* **Exercise inputs**
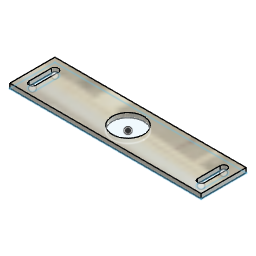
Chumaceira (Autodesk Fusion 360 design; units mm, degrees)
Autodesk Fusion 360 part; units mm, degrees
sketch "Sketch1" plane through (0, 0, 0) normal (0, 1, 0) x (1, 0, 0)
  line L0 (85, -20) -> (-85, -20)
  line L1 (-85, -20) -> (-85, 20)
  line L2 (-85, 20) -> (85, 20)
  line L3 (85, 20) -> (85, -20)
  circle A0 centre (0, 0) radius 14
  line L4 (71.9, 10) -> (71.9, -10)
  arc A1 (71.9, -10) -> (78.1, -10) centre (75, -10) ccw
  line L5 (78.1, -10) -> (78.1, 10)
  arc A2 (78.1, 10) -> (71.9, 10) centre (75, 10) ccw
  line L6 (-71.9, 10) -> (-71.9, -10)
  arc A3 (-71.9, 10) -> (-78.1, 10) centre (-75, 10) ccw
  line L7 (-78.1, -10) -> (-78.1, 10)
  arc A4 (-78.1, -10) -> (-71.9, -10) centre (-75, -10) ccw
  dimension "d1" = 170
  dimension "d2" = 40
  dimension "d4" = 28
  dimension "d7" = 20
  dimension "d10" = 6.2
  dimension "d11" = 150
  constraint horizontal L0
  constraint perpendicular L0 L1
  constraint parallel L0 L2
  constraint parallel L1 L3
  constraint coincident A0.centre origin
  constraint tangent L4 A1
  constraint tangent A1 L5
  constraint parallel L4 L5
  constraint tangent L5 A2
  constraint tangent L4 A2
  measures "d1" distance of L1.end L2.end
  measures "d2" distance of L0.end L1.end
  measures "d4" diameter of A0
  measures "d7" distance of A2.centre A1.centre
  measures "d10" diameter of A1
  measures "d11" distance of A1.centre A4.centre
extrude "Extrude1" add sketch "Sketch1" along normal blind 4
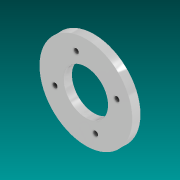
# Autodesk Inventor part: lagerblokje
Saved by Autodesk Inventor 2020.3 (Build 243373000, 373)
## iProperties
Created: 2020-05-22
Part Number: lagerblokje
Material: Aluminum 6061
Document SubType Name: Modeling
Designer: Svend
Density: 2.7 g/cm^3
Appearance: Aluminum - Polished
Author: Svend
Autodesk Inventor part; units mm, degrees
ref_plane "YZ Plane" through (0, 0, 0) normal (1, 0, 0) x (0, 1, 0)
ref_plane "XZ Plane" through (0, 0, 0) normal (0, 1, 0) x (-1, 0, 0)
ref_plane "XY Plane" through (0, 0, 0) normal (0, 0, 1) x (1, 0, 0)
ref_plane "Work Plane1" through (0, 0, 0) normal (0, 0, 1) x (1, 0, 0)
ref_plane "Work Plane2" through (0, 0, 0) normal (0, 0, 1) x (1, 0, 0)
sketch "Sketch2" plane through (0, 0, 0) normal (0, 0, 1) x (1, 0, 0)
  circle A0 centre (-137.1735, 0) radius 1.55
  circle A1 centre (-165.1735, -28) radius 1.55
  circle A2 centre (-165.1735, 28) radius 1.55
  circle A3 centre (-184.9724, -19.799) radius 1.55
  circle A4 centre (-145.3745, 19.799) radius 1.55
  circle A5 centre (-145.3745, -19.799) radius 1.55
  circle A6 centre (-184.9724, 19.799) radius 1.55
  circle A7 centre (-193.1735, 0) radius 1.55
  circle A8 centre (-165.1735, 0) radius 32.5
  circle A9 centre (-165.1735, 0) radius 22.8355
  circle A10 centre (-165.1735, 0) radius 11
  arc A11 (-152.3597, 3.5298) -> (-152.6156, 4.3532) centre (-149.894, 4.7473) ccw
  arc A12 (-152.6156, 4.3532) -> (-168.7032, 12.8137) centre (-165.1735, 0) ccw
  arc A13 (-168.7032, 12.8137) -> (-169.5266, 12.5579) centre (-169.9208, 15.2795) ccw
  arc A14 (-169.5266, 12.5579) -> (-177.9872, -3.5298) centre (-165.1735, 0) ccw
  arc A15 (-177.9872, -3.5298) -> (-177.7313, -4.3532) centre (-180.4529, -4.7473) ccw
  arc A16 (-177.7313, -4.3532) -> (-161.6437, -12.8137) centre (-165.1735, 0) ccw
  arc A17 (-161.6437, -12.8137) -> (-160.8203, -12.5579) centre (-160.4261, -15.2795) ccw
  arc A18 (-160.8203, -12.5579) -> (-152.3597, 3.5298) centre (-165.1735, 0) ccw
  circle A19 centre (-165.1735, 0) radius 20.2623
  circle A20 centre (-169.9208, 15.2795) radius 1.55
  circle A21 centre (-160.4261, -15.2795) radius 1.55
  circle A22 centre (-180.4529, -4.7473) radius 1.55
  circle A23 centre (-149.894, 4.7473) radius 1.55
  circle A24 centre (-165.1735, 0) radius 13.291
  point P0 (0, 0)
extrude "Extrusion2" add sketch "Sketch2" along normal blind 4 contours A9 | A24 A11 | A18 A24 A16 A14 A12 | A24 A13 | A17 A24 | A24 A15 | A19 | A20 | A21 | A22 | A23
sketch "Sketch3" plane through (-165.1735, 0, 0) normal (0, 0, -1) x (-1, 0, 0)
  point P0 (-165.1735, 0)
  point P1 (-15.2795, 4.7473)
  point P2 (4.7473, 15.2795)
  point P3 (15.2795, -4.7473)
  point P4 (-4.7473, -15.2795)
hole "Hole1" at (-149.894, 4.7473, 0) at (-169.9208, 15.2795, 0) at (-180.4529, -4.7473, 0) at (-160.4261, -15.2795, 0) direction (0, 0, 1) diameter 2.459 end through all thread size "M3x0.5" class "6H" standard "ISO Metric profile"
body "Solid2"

* **Task item**
The string "sketch" marks the lines to return from the material. Copy each one.

* **Solution to this problem**
sketch "Sketch1" plane through (0, 0, 0) normal (0, 1, 0) x (1, 0, 0)
extrude "Extrude1" add sketch "Sketch1" along normal blind 4
sketch "Sketch2" plane through (0, 0, 0) normal (0, 0, 1) x (1, 0, 0)
extrude "Extrusion2" add sketch "Sketch2" along normal blind 4 contours A9 | A24 A11 | A18 A24 A16 A14 A12 | A24 A13 | A17 A24 | A24 A15 | A19 | A20 | A21 | A22 | A23
sketch "Sketch3" plane through (-165.1735, 0, 0) normal (0, 0, -1) x (-1, 0, 0)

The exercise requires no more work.